Every line below that has the string "units" needs to be copied.

━━━━━ DATASET RECORDS ━━━━━

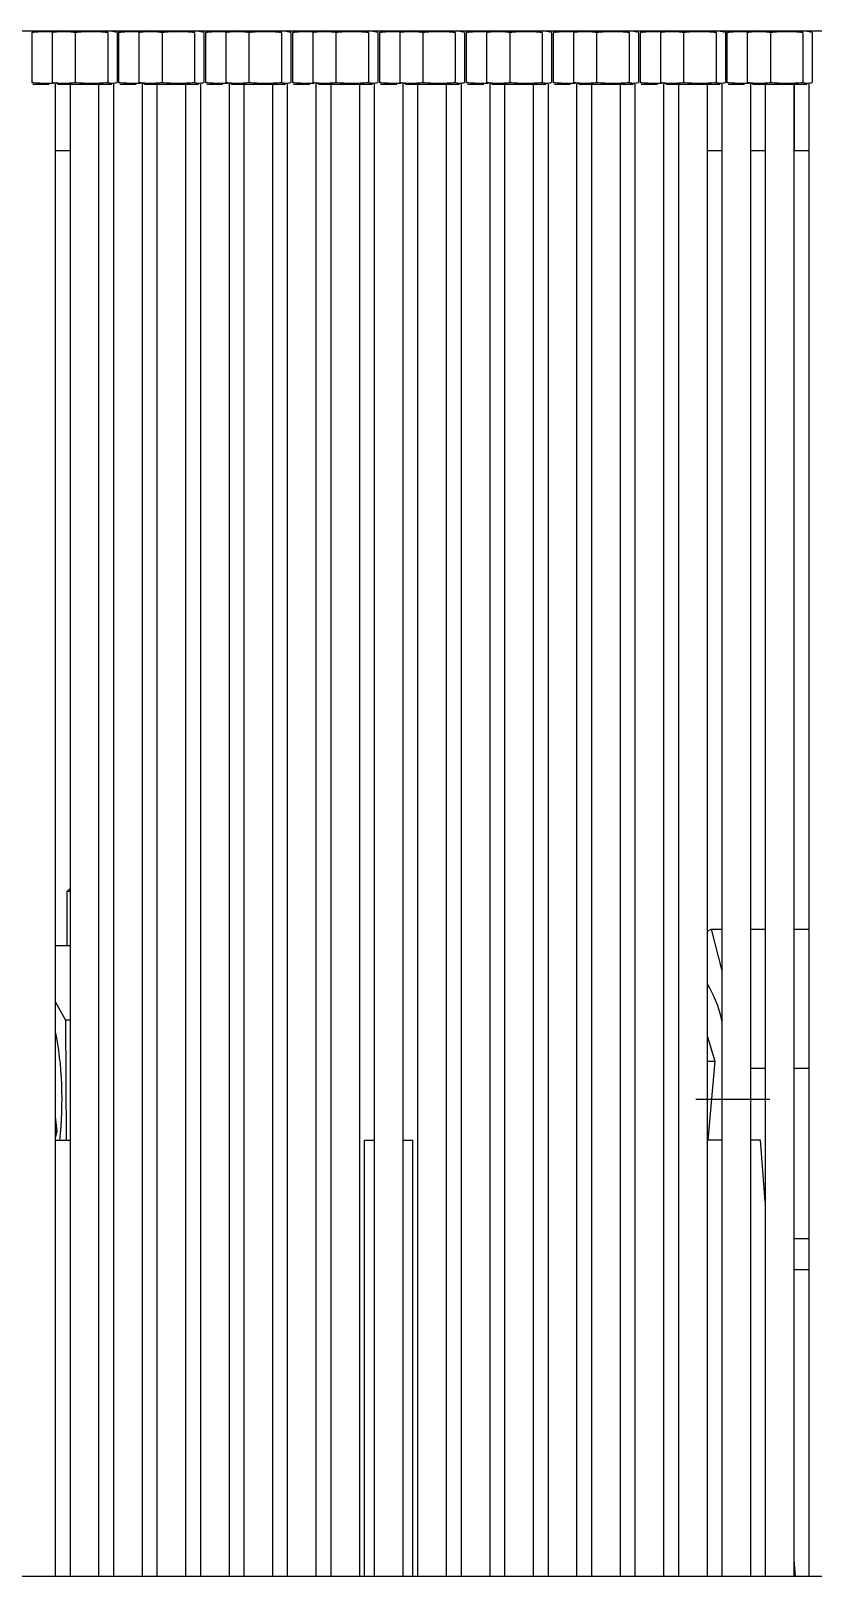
# Model space of a CAD drawing. Header units: millimetres. Extents: x 0 to 1189, y 0 to 841.
# Drawn here: x 999.36 to 1010.16, y 662.88 to 684.22 of the extents above; entities that cross this region are included whole.
import ezdxf

# ---------------------------------------------------------------- set-up
doc = ezdxf.new("R2010")
doc.units = ezdxf.units.MM
doc.layers.add('2', color=7, linetype='CONTINUOUS', true_color=0xffffff)
doc.layers.add('205', color=7, linetype='CONTINUOUS', true_color=0xffffff)

msp = doc.modelspace()

# ---------------------------------------------------------------- linework, layer by layer
at = {"layer": '2', "color": 252, "linetype": 'Continuous'}
for p, q in [((999.902, 672.378), (999.859, 672.334)), ((999.859, 672.334), (999.859, 671.584)), ((999.902, 672.334), (999.859, 672.334))]:
    msp.add_line(p, q, dxfattribs=at)
at = {"layer": '2', "color": 60, "linetype": 'Continuous'}
for p, q in [((1008.702, 671.788), (1008.753, 671.816)), ((1008.753, 671.816), (1008.902, 671.239)), ((1008.753, 671.816), (1008.902, 671.816)), ((1009.302, 671.816), (1009.502, 671.816)), ((1009.902, 671.816), (1010.102, 671.816)), ((999.902, 671.584), (999.702, 671.584)), ((999.702, 670.809), (999.841, 670.561)), ((999.841, 670.561), (999.851, 668.901)), ((999.902, 670.561), (999.841, 670.561)), ((1008.702, 670.329), (1008.804, 669.993)), ((1008.702, 669.993), (1008.804, 669.993)), ((1008.804, 669.993), (1008.709, 668.901)), ((1009.302, 669.896), (1009.502, 669.896)), ((1009.902, 669.896), (1010.102, 669.896)), ((999.725, 669.027), (999.702, 669.23)), ((999.725, 669.027), (999.702, 669.027)), ((999.702, 668.94), (999.725, 669.027)), ((1009.902, 667.547), (1010.102, 667.547)), ((1009.902, 667.119), (1010.102, 667.119))]:
    msp.add_line(p, q, dxfattribs=at)
at = {"layer": '2', "color": 51, "linetype": 'Continuous'}
msp.add_line((1008.544, 669.468), (1009.565, 669.468), dxfattribs=at)
at = {"layer": '2', "color": 60, "linetype": 'Continuous'}
for centre, major_axis, start_param, end_param in [((1008.487, 669.468), (0, -1.733), 2.236526, 2.728087), ((999.281, 669.468), (0, -1.652), 1.220563, 2.170011)]:
    msp.add_ellipse(centre, major_axis=major_axis, ratio=0.309017, start_param=start_param, end_param=end_param, dxfattribs=at)
at = {"layer": '205', "color": 252, "linetype": 'Continuous'}
for p, q in [((988.302, 684.218), (1020.302, 684.218)), ((999.373, 684.195), (999.373, 683.507)), ((999.769, 684.218), (999.654, 684.197)), ((999.654, 684.195), (999.654, 683.507)), ((999.973, 684.195), (999.973, 683.507)), ((1000.422, 684.195), (1000.422, 683.507)), ((1000.551, 684.197), (1000.435, 684.218)), ((1000.551, 684.195), (1000.551, 683.507)), ((1000.573, 684.195), (1000.573, 683.507)), ((1000.969, 684.218), (1000.854, 684.197)), ((1000.854, 684.195), (1000.854, 683.507)), ((1001.173, 684.195), (1001.173, 683.507)), ((1001.622, 684.195), (1001.622, 683.507)), ((1001.751, 684.197), (1001.635, 684.218)), ((1001.751, 684.195), (1001.751, 683.507)), ((1001.773, 684.195), (1001.773, 683.507)), ((1002.169, 684.218), (1002.054, 684.197)), ((1002.054, 684.195), (1002.054, 683.507)), ((1002.373, 684.195), (1002.373, 683.507)), ((1002.822, 684.195), (1002.822, 683.507)), ((1002.951, 684.197), (1002.835, 684.218)), ((1002.951, 684.195), (1002.951, 683.507)), ((1002.973, 684.195), (1002.973, 683.507)), ((1003.369, 684.218), (1003.254, 684.197)), ((1003.254, 684.195), (1003.254, 683.507)), ((1003.573, 684.195), (1003.573, 683.507)), ((1004.022, 684.195), (1004.022, 683.507)), ((1004.151, 684.197), (1004.035, 684.218)), ((1004.151, 684.195), (1004.151, 683.507)), ((1004.173, 684.195), (1004.173, 683.507)), ((1004.569, 684.218), (1004.454, 684.197)), ((1004.454, 684.195), (1004.454, 683.507)), ((1004.773, 684.195), (1004.773, 683.507)), ((1005.222, 684.195), (1005.222, 683.507)), ((1005.351, 684.197), (1005.235, 684.218)), ((1005.351, 684.195), (1005.351, 683.507)), ((1005.373, 684.195), (1005.373, 683.507)), ((1005.769, 684.218), (1005.654, 684.197)), ((1005.654, 684.195), (1005.654, 683.507)), ((1005.973, 684.195), (1005.973, 683.507)), ((1006.422, 684.195), (1006.422, 683.507)), ((1006.551, 684.197), (1006.435, 684.218)), ((1006.551, 684.195), (1006.551, 683.507)), ((1006.573, 684.195), (1006.573, 683.507)), ((1006.969, 684.218), (1006.854, 684.197)), ((1006.854, 684.195), (1006.854, 683.507)), ((1007.173, 684.195), (1007.173, 683.507)), ((1007.622, 684.195), (1007.622, 683.507)), ((1007.751, 684.197), (1007.635, 684.218)), ((1007.751, 684.195), (1007.751, 683.507)), ((1007.773, 684.195), (1007.773, 683.507)), ((1008.169, 684.218), (1008.054, 684.197)), ((1008.054, 684.195), (1008.054, 683.507)), ((1008.373, 684.195), (1008.373, 683.507)), ((1008.822, 684.195), (1008.822, 683.507)), ((1008.951, 684.197), (1008.835, 684.218)), ((1008.951, 684.195), (1008.951, 683.507)), ((1008.973, 684.195), (1008.973, 683.507)), ((1009.369, 684.218), (1009.254, 684.197)), ((1009.254, 684.195), (1009.254, 683.507)), ((1009.573, 684.195), (1009.573, 683.507)), ((1010.022, 684.195), (1010.022, 683.507)), ((1010.151, 684.197), (1010.035, 684.218)), ((1010.151, 684.195), (1010.151, 683.507)), ((999.39, 683.484), (999.614, 683.484)), ((999.654, 683.504), (999.769, 683.484)), ((999.702, 662.884), (999.702, 683.484)), ((999.732, 683.484), (999.769, 683.484)), ((999.769, 683.484), (999.778, 683.484)), ((999.778, 683.484), (1000.435, 683.484)), ((999.902, 683.484), (999.902, 662.884)), ((1000.302, 662.884), (1000.302, 683.484)), ((1000.435, 683.484), (1000.551, 683.504)), ((1000.435, 683.484), (1000.474, 683.484)), ((1000.502, 683.484), (1000.502, 662.884)), ((1000.59, 683.484), (1000.814, 683.484)), ((1000.854, 683.504), (1000.969, 683.484)), ((1000.902, 662.884), (1000.902, 683.484)), ((1000.932, 683.484), (1000.969, 683.484)), ((1000.969, 683.484), (1000.978, 683.484)), ((1000.978, 683.484), (1001.635, 683.484)), ((1001.102, 683.484), (1001.102, 662.884)), ((1001.502, 662.884), (1001.502, 683.484)), ((1001.635, 683.484), (1001.751, 683.504)), ((1001.635, 683.484), (1001.674, 683.484)), ((1001.702, 683.484), (1001.702, 662.884)), ((1001.79, 683.484), (1002.014, 683.484)), ((1002.054, 683.504), (1002.169, 683.484)), ((1002.102, 662.884), (1002.102, 683.484)), ((1002.132, 683.484), (1002.169, 683.484)), ((1002.169, 683.484), (1002.178, 683.484)), ((1002.178, 683.484), (1002.835, 683.484)), ((1002.302, 683.484), (1002.302, 662.884)), ((1002.702, 662.884), (1002.702, 683.484)), ((1002.835, 683.484), (1002.951, 683.504)), ((1002.835, 683.484), (1002.874, 683.484)), ((1002.902, 683.484), (1002.902, 662.884)), ((1002.99, 683.484), (1003.214, 683.484)), ((1003.254, 683.504), (1003.369, 683.484)), ((1003.302, 662.884), (1003.302, 683.484)), ((1003.332, 683.484), (1003.369, 683.484)), ((1003.369, 683.484), (1003.378, 683.484)), ((1003.378, 683.484), (1004.035, 683.484)), ((1003.502, 683.484), (1003.502, 662.884)), ((1003.902, 662.884), (1003.902, 683.484)), ((1004.035, 683.484), (1004.151, 683.504)), ((1004.035, 683.484), (1004.074, 683.484)), ((1004.102, 683.484), (1004.102, 662.884)), ((1004.19, 683.484), (1004.414, 683.484)), ((1004.454, 683.504), (1004.569, 683.484)), ((1004.502, 662.884), (1004.502, 683.484)), ((1004.532, 683.484), (1004.569, 683.484)), ((1004.569, 683.484), (1004.578, 683.484)), ((1004.578, 683.484), (1005.235, 683.484)), ((1004.702, 683.484), (1004.702, 662.884)), ((1005.102, 662.884), (1005.102, 683.484)), ((1005.235, 683.484), (1005.351, 683.504)), ((1005.235, 683.484), (1005.274, 683.484)), ((1005.302, 683.484), (1005.302, 662.884)), ((1005.39, 683.484), (1005.614, 683.484)), ((1005.654, 683.504), (1005.769, 683.484)), ((1005.702, 662.884), (1005.702, 683.484)), ((1005.732, 683.484), (1005.769, 683.484)), ((1005.769, 683.484), (1005.778, 683.484)), ((1005.778, 683.484), (1006.435, 683.484)), ((1005.902, 683.484), (1005.902, 662.884)), ((1006.302, 662.884), (1006.302, 683.484)), ((1006.435, 683.484), (1006.551, 683.504)), ((1006.435, 683.484), (1006.474, 683.484)), ((1006.502, 683.484), (1006.502, 662.884)), ((1006.59, 683.484), (1006.814, 683.484)), ((1006.854, 683.504), (1006.969, 683.484)), ((1006.902, 662.884), (1006.902, 683.484)), ((1006.932, 683.484), (1006.969, 683.484)), ((1006.969, 683.484), (1006.978, 683.484)), ((1006.978, 683.484), (1007.635, 683.484)), ((1007.102, 683.484), (1007.102, 662.884)), ((1007.502, 662.884), (1007.502, 683.484)), ((1007.635, 683.484), (1007.751, 683.504)), ((1007.635, 683.484), (1007.674, 683.484)), ((1007.702, 683.484), (1007.702, 662.884)), ((1007.79, 683.484), (1008.014, 683.484)), ((1008.054, 683.504), (1008.169, 683.484)), ((1008.102, 662.884), (1008.102, 683.484)), ((1008.132, 683.484), (1008.169, 683.484)), ((1008.169, 683.484), (1008.178, 683.484)), ((1008.178, 683.484), (1008.835, 683.484)), ((1008.302, 683.484), (1008.302, 662.884)), ((1008.702, 662.884), (1008.702, 683.484)), ((1008.835, 683.484), (1008.951, 683.504)), ((1008.835, 683.484), (1008.874, 683.484)), ((1008.902, 683.484), (1008.902, 662.884)), ((1008.99, 683.484), (1009.214, 683.484)), ((1009.254, 683.504), (1009.369, 683.484)), ((1009.302, 662.884), (1009.302, 683.484)), ((1009.332, 683.484), (1009.369, 683.484)), ((1009.369, 683.484), (1009.378, 683.484)), ((1009.378, 683.484), (1010.035, 683.484)), ((1009.502, 683.484), (1009.502, 662.884)), ((1009.902, 683.484), (1009.902, 682.568)), ((1009.902, 662.884), (1009.902, 683.484)), ((1010.035, 683.484), (1010.151, 683.504)), ((1010.035, 683.484), (1010.074, 683.484)), ((1010.102, 683.484), (1010.102, 662.884)), ((999.702, 682.568), (999.902, 682.568)), ((1008.702, 682.568), (1008.902, 682.568)), ((1009.302, 682.568), (1009.502, 682.568)), ((1009.902, 682.568), (1010.102, 682.568)), ((999.702, 668.901), (999.902, 668.901)), ((1003.969, 662.884), (1003.969, 668.901)), ((1003.969, 668.901), (1004.102, 668.901)), ((1004.502, 668.901), (1004.635, 668.901)), ((1004.635, 662.884), (1004.635, 668.901)), ((1008.902, 668.901), (1008.702, 668.901)), ((1009.434, 668.901), (1009.302, 668.901)), ((1009.502, 668.058), (1009.434, 668.901)), ((1009.92, 662.884), (1009.902, 663.109)), ((988.969, 662.884), (1019.635, 662.884))]:
    msp.add_line(p, q, dxfattribs=at)
for points, knots in [([(999.67, 684.205), (999.646, 684.205), (999.622, 684.206), (999.56, 684.206), (999.523, 684.205), (999.448, 684.201), (999.411, 684.198), (999.373, 684.195)], [0, 0, 0, 0, 0.243445, 0.243445, 0.621722, 0.621722, 1, 1, 1, 1]), ([(999.973, 684.195), (999.947, 684.198), (999.92, 684.201), (999.867, 684.205), (999.814, 684.207), (999.76, 684.205), (999.707, 684.201), (999.68, 684.198), (999.654, 684.195)], [0, 0, 0, 0, 0.25, 0.25, 0.5, 0.75, 0.75, 1, 1, 1, 1]), ([(1000.422, 684.195), (1000.385, 684.198), (1000.347, 684.201), (1000.272, 684.205), (1000.235, 684.206), (1000.16, 684.206), (1000.123, 684.205), (1000.048, 684.201), (1000.011, 684.198), (999.973, 684.195)], [0, 0, 0, 0, 0.25, 0.25, 0.5, 0.5, 0.75, 0.75, 1, 1, 1, 1]), ([(1000.87, 684.205), (1000.846, 684.205), (1000.822, 684.206), (1000.76, 684.206), (1000.723, 684.205), (1000.648, 684.201), (1000.611, 684.198), (1000.573, 684.195)], [0, 0, 0, 0, 0.243445, 0.243445, 0.621722, 0.621722, 1, 1, 1, 1]), ([(1001.173, 684.195), (1001.147, 684.198), (1001.12, 684.201), (1001.067, 684.205), (1001.014, 684.207), (1000.96, 684.205), (1000.907, 684.201), (1000.88, 684.198), (1000.854, 684.195)], [0, 0, 0, 0, 0.25, 0.25, 0.5, 0.75, 0.75, 1, 1, 1, 1]), ([(1001.622, 684.195), (1001.585, 684.198), (1001.547, 684.201), (1001.472, 684.205), (1001.435, 684.206), (1001.36, 684.206), (1001.323, 684.205), (1001.248, 684.201), (1001.211, 684.198), (1001.173, 684.195)], [0, 0, 0, 0, 0.25, 0.25, 0.5, 0.5, 0.75, 0.75, 1, 1, 1, 1]), ([(1002.07, 684.205), (1002.046, 684.205), (1002.022, 684.206), (1001.96, 684.206), (1001.923, 684.205), (1001.848, 684.201), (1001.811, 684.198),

━━━━━

▶ SOLUTION TO THIS EXERCISE
# Model space of a CAD drawing. Header units: millimetres. Extents: x 0 to 1189, y 0 to 841.
doc.units = ezdxf.units.MM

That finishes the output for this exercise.